Не сумев своевременно оценить масштаб и характер вспыхнувших в Петрограде волнений, император Николай II и его правительство в считанные часы утратили контроль над столицей, центральными учреждениями, важнейшими коммуникациями, а также над ситуацией в стране – в целом. После военно-революционного переворота в Петрограде 27 февраля 1917 г. и начала смены власти в других городах и местностях страны отречение или низложение царя стало лишь вопросом времени. Действующая армия и ее высшее командование полностью зависели от систем жизнеобеспечения, оказавшихся теперь в руках новых властей; а массовое социальное недовольство солдат существенно затрудняло шансы законного монарха найти опору в лице «верных» частей. Дальнейшие действия монарха напоминали своего рода цугцванг, когда каждый следующий шаг еще более ухудшал его позиции. Выехав из Могилева в Царское Село ранним утром 28 февраля, Николай II тотчас потерял контроль над Ставкой и превратился в главковерха без армии; а по прибытии в Псков, где располагался штаб Северного фронта, утратил всякую свободу действий. Здесь он подчинился обстоятельствам и, по призыву чинов высшего командования, отрекся от престола.

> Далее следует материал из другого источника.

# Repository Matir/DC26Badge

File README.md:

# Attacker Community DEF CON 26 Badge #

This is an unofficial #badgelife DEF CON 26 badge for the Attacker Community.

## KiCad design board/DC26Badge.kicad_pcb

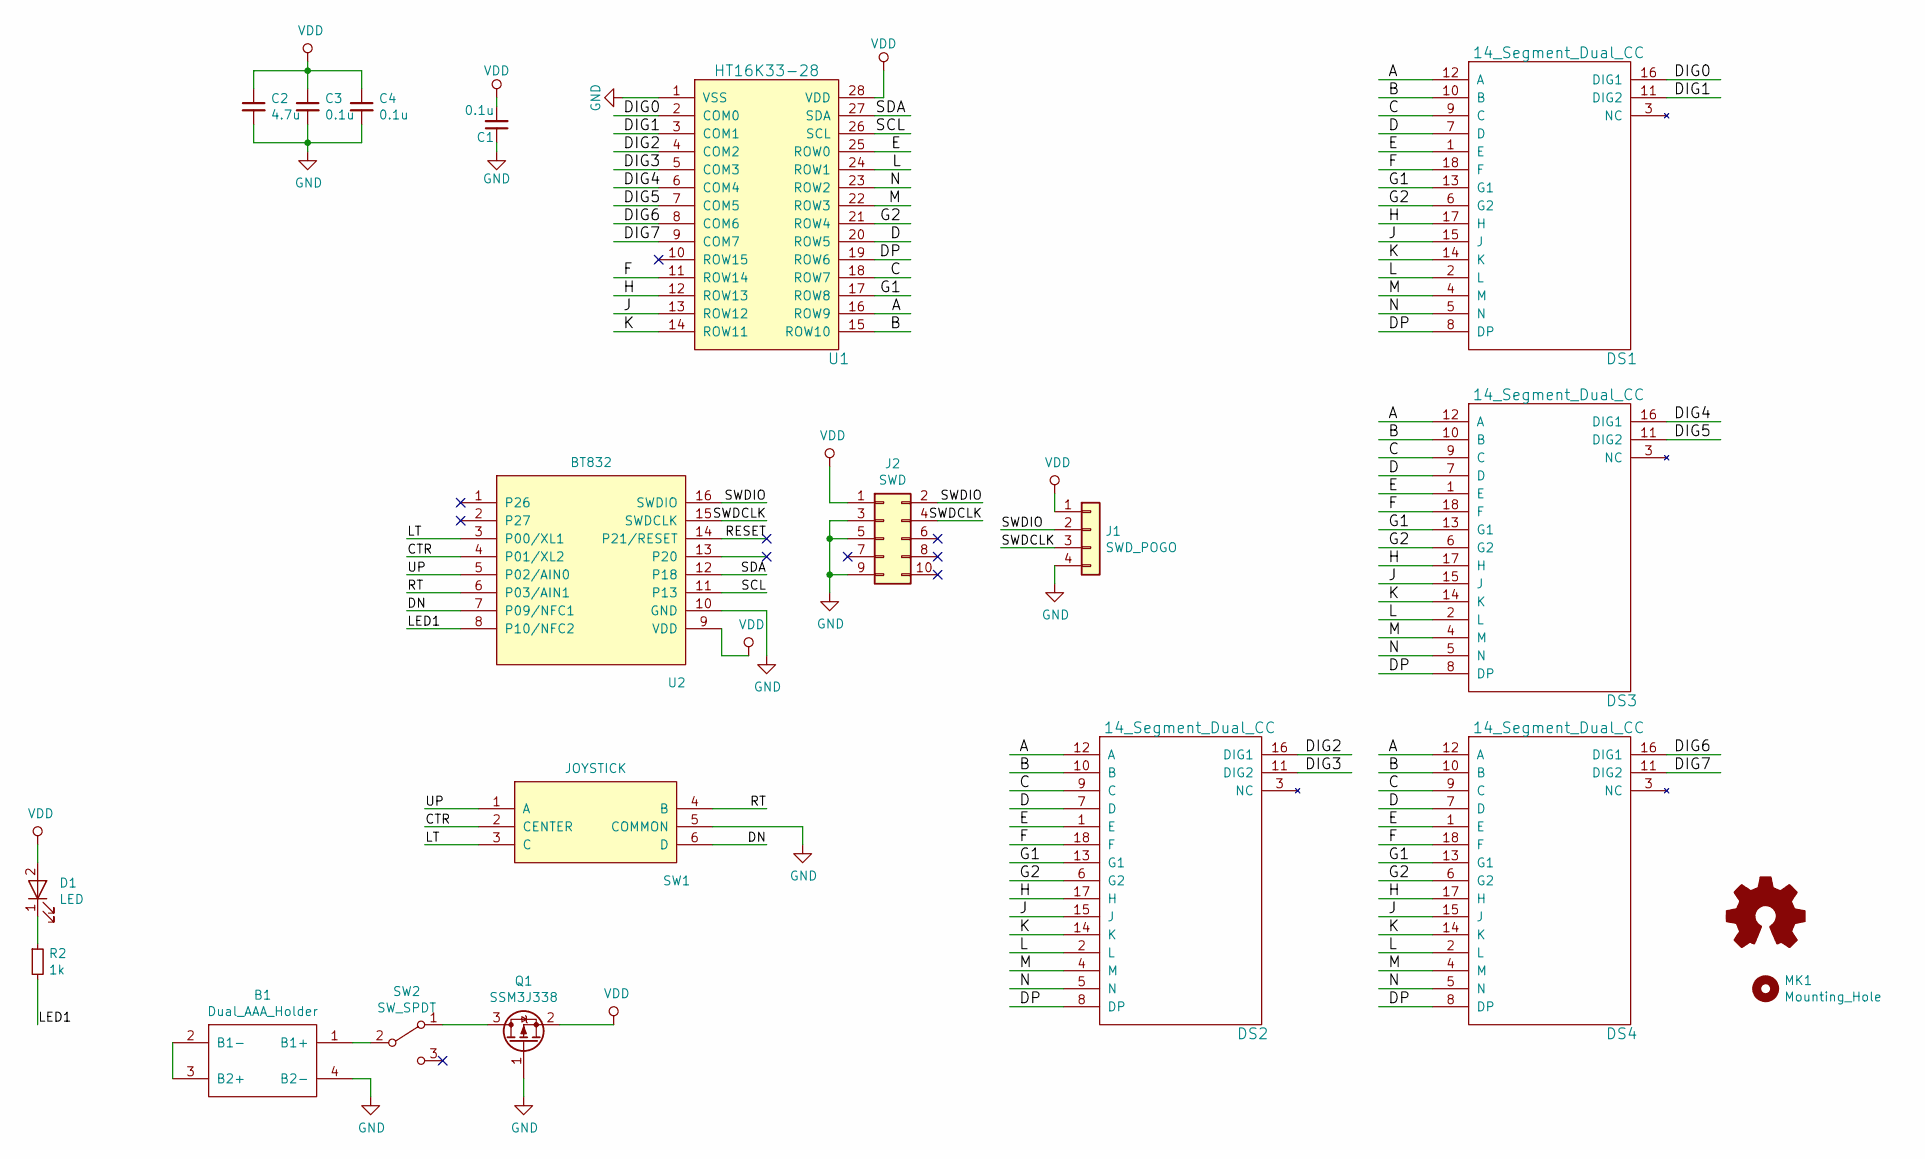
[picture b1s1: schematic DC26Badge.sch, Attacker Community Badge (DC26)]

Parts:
B1: Dual_AAA_Holder; Keystone_1022
C1, C3, C4: 0.1u; C_0603_1608Metric
C2: 4.7u; C_0603_1608Metric
D1: LED; LED_0603_1608Metric
DS1, DS2, DS3, DS4: 14_Segment_Dual_CC; DUAL_14SEG
J1: SWD_POGO
J2: SWD; PinHeader_2x05_P1.27mm_Vertical_SMD
MK1: Mounting_Hole; MountingHole_3.2mm_M3
Q1: SSM3J338; SOT-23_Handsoldering
R2: 1k; R_0603_1608Metric
SW1: JOYSTICK
SW2: SW_SPDT; JS102011SAQN
U1: HT16K33-28; HT16K133
U2: BT832

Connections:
/A: DS1.12 (A), DS2.12 (A), DS3.12 (A), DS4.12 (A), U1.16 (ROW9)
/B: DS1.10 (B), DS2.10 (B), DS3.10 (B), DS4.10 (B), U1.15 (ROW10)
/C: DS1.9 (C), DS2.9 (C), DS3.9 (C), DS4.9 (C), U1.18 (ROW7)
/CTR: SW1.2 (CENTER), U2.4 (P01/XL2)
/D: DS1.7 (D), DS2.7 (D), DS3.7 (D), DS4.7 (D), U1.20 (ROW5)
/DIG0: DS1.16 (DIG1), U1.2 (COM0)
/DIG1: DS1.11 (DIG2), U1.3 (COM1)
/DIG2: DS2.16 (DIG1), U1.4 (COM2)
/DIG3: DS2.11 (DIG2), U1.5 (COM3)
/DIG4: DS3.16 (DIG1), U1.6 (COM4)
/DIG5: DS3.11 (DIG2), U1.7 (COM5)
/DIG6: DS4.16 (DIG1), U1.8 (COM6)
/DIG7: DS4.11 (DIG2), U1.9 (COM7)
/DN: SW1.6 (D), U2.7 (P09/NFC1)
/DP: DS1.8 (DP), DS2.8 (DP), DS3.8 (DP), DS4.8 (DP), U1.19 (ROW6)
/E: DS1.1 (E), DS2.1 (E), DS3.1 (E), DS4.1 (E), U1.25 (ROW0)
/F: DS1.18 (F), DS2.18 (F), DS3.18 (F), DS4.18 (F), U1.11 (ROW14)
/G1: DS1.13 (G1), DS2.13 (G1), DS3.13 (G1), DS4.13 (G1), U1.17 (ROW8)
/G2: DS1.6 (G2), DS2.6 (G2), DS3.6 (G2), DS4.6 (G2), U1.21 (ROW4)
/H: DS1.17 (H), DS2.17 (H), DS3.17 (H), DS4.17 (H), U1.12 (ROW13)
/J: DS1.15 (J), DS2.15 (J), DS3.15 (J), DS4.15 (J), U1.13 (ROW12)
/K: DS1.14 (K), DS2.14 (K), DS3.14 (K), DS4.14 (K), U1.14 (ROW11)
/L: DS1.2 (L), DS2.2 (L), DS3.2 (L), DS4.2 (L), U1.24 (ROW1)
/LED1: R2.2, U2.8 (P10/NFC2)
/LT: SW1.3 (C), U2.3 (P00/XL1)
/M: DS1.4 (M), DS2.4 (M), DS3.4 (M), DS4.4 (M), U1.22 (ROW3)
/N: DS1.5 (N), DS2.5 (N), DS3.5 (N), DS4.5 (N), U1.23 (ROW2)
/RESET: U2.14 (P21/RESET)
/RT: SW1.4 (B), U2.6 (P03/AIN1)
/SCL: U1.26 (SCL), U2.11 (P13)
/SDA: U1.27 (SDA), U2.12 (P18)
/SWDCLK: J1.3, J2.4, U2.15 (SWDCLK)
/SWDIO: J1.2, J2.2, U2.16 (SWDIO)
/UP: SW1.1 (A), U2.5 (P02/AIN0)
GND: B1.4 (B2-), C1.1, C2.2, C3.2, C4.2, J1.4, J2.3, J2.5, J2.9, Q1.1 (G), SW1.5 (COMMON), U1.1 (VSS), U2.10 (GND)
unnamed: B1.1 (B1+), SW2.2 (B)
unnamed: B1.2 (B1-), B1.3 (B2+)
unnamed: D1.1 (K), R2.1
unnamed: Q1.3 (D), SW2.1 (A)
VDD: C1.2, C2.1, C3.1, C4.1, D1.2 (A), J1.1, J2.1, Q1.2 (S), U1.28 (VDD), U2.9 (VDD)

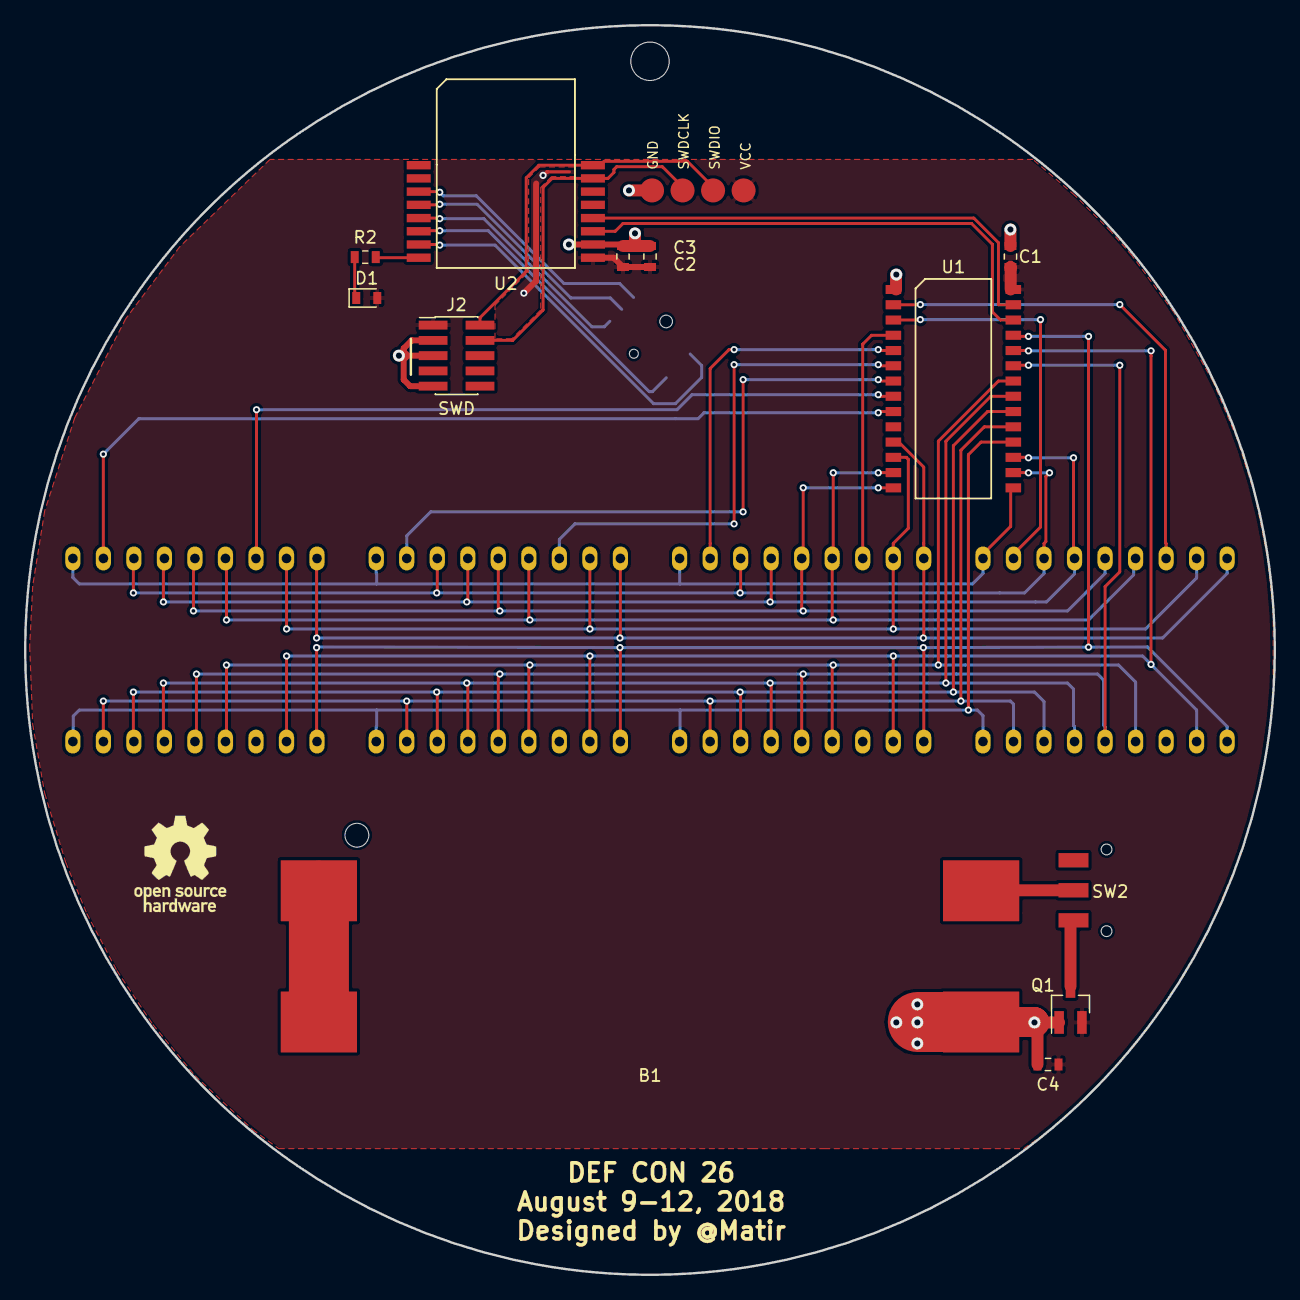
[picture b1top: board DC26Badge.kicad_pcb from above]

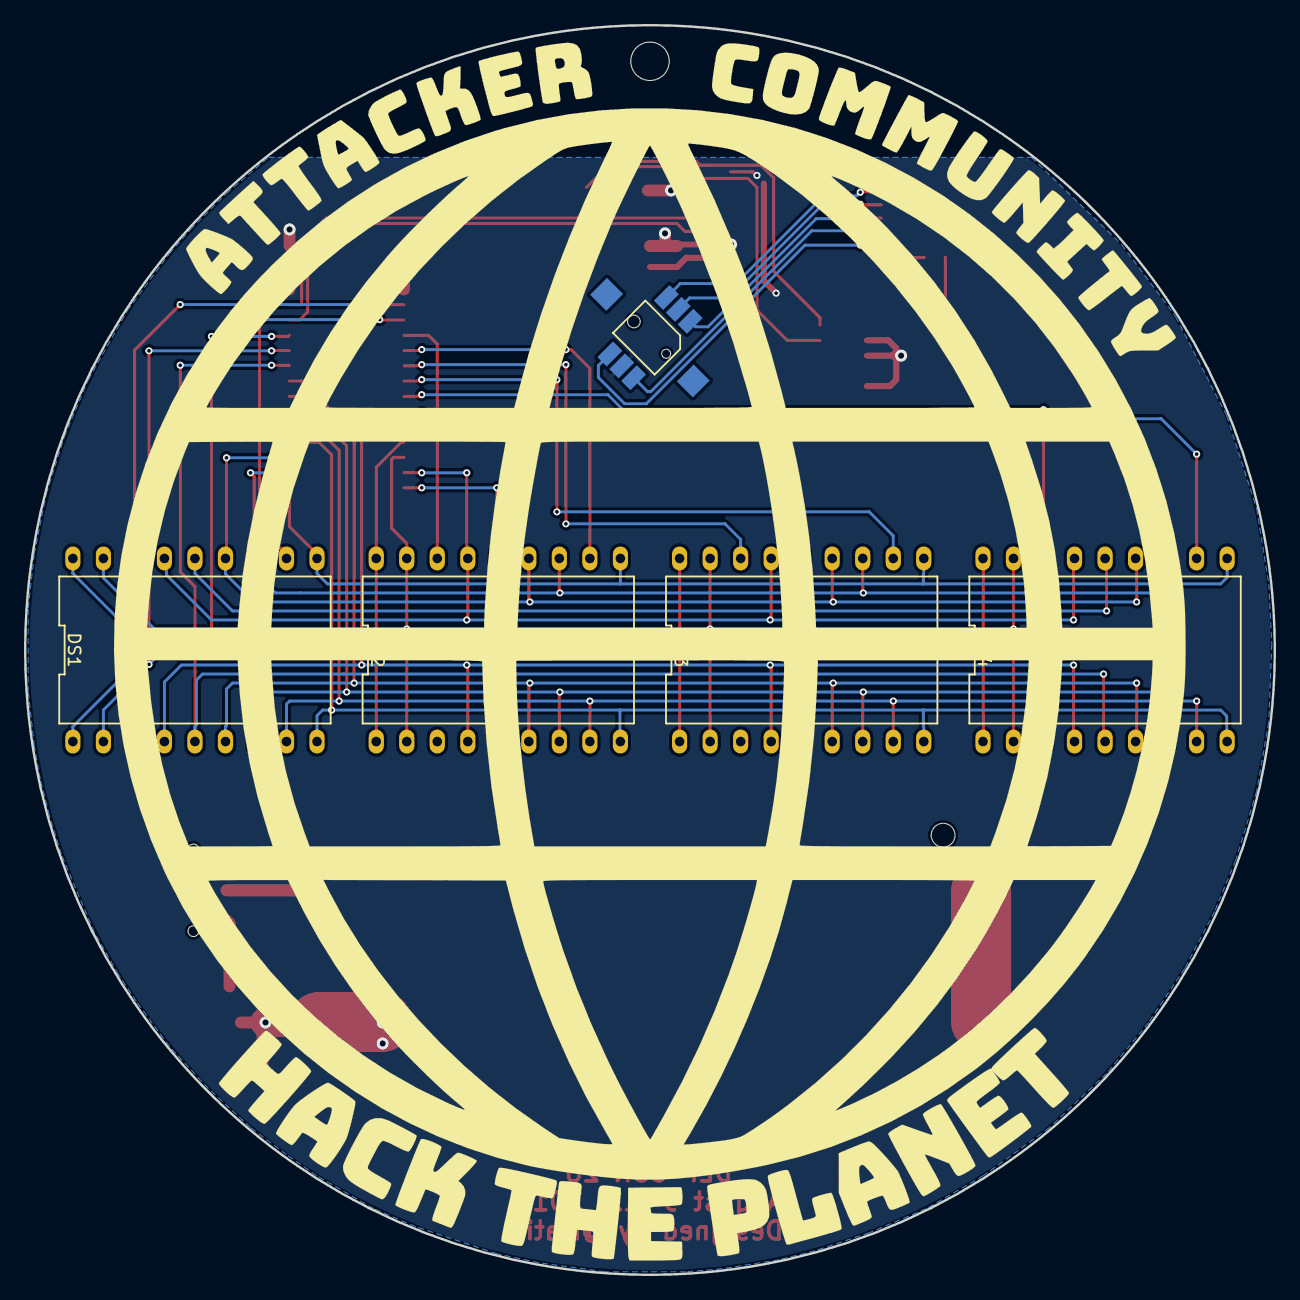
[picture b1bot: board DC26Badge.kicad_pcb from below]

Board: 2 copper layers, 104.0 x 104.0 mm, 19 parts (5 on the bottom side), 39 nets.

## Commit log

2018-05-02 Start initial work on new badge.
2018-05-05 Rearrange, create skeleton firmware.
2018-05-06 Script to build font.
2018-05-06 Minimal working display of "HACK"
2018-05-07 It scrolls!
2018-05-07 Progress?
2018-05-08 Can turn badge on/off via BLE.
2018-05-10 Prototype schematic finished.
2018-05-10 Work on parts.
2018-05-10 BT832 component.
2018-05-11 First pass of prototype PCB layout.
2018-05-12 Prototype R1.
2018-05-13 BLE stays connected.
2018-05-13 Allow changing of messages over BLE.
2018-05-13 Fix size of displays.
2018-05-13 Prepare for security.
2018-05-13 Minimal button support.
2018-05-13 Remove accidental log.
2018-05-13 Commit sdk_config.
2018-05-14 Start work on LESC support.
2018-05-14 Compiles and runs.
2018-05-14 Add pairing with display.
2018-05-17 Working LESC support!
2018-05-17 Add QWR support.
2018-05-20 Fix order of operations for BLE, run without 32k XTAL.
2018-05-20 Create segment map for badge.
2018-05-20 Footprint fixes.
2018-05-21 Do first circular board.
2018-05-21 Background.
2018-05-21 Add TODO
2018-05-23 Add copyright.
2018-05-23 Fix silkscreen.
2018-05-25 Fix up board.
2018-05-26 Add programmer adapter board.
2018-05-27 Add schematic from prototype r1.
2018-05-27 Fix BLE in firmware.
2018-05-27 Add initial android app.
2018-05-28 Can scan for devices.
2018-05-28 Forward progress on app.
2018-05-29 Progress, but need to serialize GATT Operations... fml.
2018-05-29 More progress, but still a long way to go.
2018-05-29 Add TODO.
2018-05-30 Add support for brightness to BLE.
2018-05-30 API for using flash.
2018-06-01 Add final schematic.
2018-06-01 Bump .pro file.
2018-06-01 Add MSG_WARGAMES constant.
2018-06-01 Update TODO.
2018-06-01 Add defs for production board.
2018-06-01 Wire up the buttons.
2018-06-01 Load messages on startup.
2018-06-01 Save message on change.
2018-06-01 Device name save/restore.
2018-06-02 Update TODO from Android
2018-06-02 Improve firmware debugging.
2018-06-02 Better handle updates, though I'm not sure why.
2018-06-02 Add work on message list.
2018-06-02 Progress
2018-06-02 Support updates of messages.
2018-06-03 Support for changing currently active message.
2018-06-03 Fix some aspects of saving to flash.
2018-06-03 Track dirty state of messages with crc-32.
2018-06-03 Fix saving.
2018-06-03 Progress.
2018-06-03 Looks like name can be changed.
2018-06-03 Fixy.
2018-06-03 Add wargames mode. I think.
2018-06-03 Fix wargames mode.
2018-06-03 Add factory reset.
2018-06-04 Test my PRNG... good enough.
2018-06-05 Add circular scrolling.
2018-06-16 Build in a selftest on first boot/reset.
2018-07-08 Reset joystick after selftest.
2018-07-09 Show message when no badges found.
2018-07-09 Use better scrolling by default.
2018-07-09 Add an icon on previously used devices.
2018-07-09 Fix line between items in list.
2018-07-09 Remove unused menu.
2018-07-13 Ensure all records in a file are deleted.
2018-07-16 Update messages.
2018-07-16 Update android.
2018-07-21 Change scanning latency.
2018-07-21 Fix proto buttons.
2018-07-28 Fixes.
2018-07-30 Android 1.1 release.
2018-08-02 Add LICENSE, README.

Нарушение последним русским императором Основных законов Российской империи, не допускавших ни отречения от престола, ни передачи престола иному лицу, минуя наследника, не отменяло самого факта отречения. Свергнутый и отрекшийся монарх перестал быть самостоятельным субъектом политической жизни страны, а его несостоявшемуся [и незаконному] преемнику – великому князю Михаилу Александровичу не суждено было таковым стать. Но подписанные Николаем и Михаилом акты сыграли немаловажную роль в судьбе новой власти. Манифест об отречении царя в пользу брата положил начало первому кризису Временного правительства и предельно обострил складывавшееся в столице и стране Двоевластие. В свою очередь, акт об отказе великого князя Михаила Александровича от престола до решения Учредительного собрания лег в основу достигнутого Временным правительством и Петроградским Советом компромисса, который предусматривал скорейший созыв Учредительного собрания для определения будущего государственного строя. Побочным и малоприметным следствием этого кризиса были: огульная дискредитация и окончательное упразднение многовековой русской монархической государственности – «исторической власти русского царя».
Свержение Николая II не стало очередным дворцовым переворотом. Вместо блистательных стройных рядов гвардейцев и кулуарных восторгов высшего света столица Российской империи, стремительно превращавшаяся в «колыбель трех революций», увидела свирепый бунт рабочих и солдат, мятежные порывы разношерстной публики и услышала крикливые речи «победителей» – вчерашних думских оппозиционеров, ставших едва ли не самыми кратковременными правителями страны за всю ее историю. Здесь, вопреки их расчетам, была впервые проявлена сила власти рабочего Совета, начавшего длительную революционную трансформацию всего государственного и общественного строя России.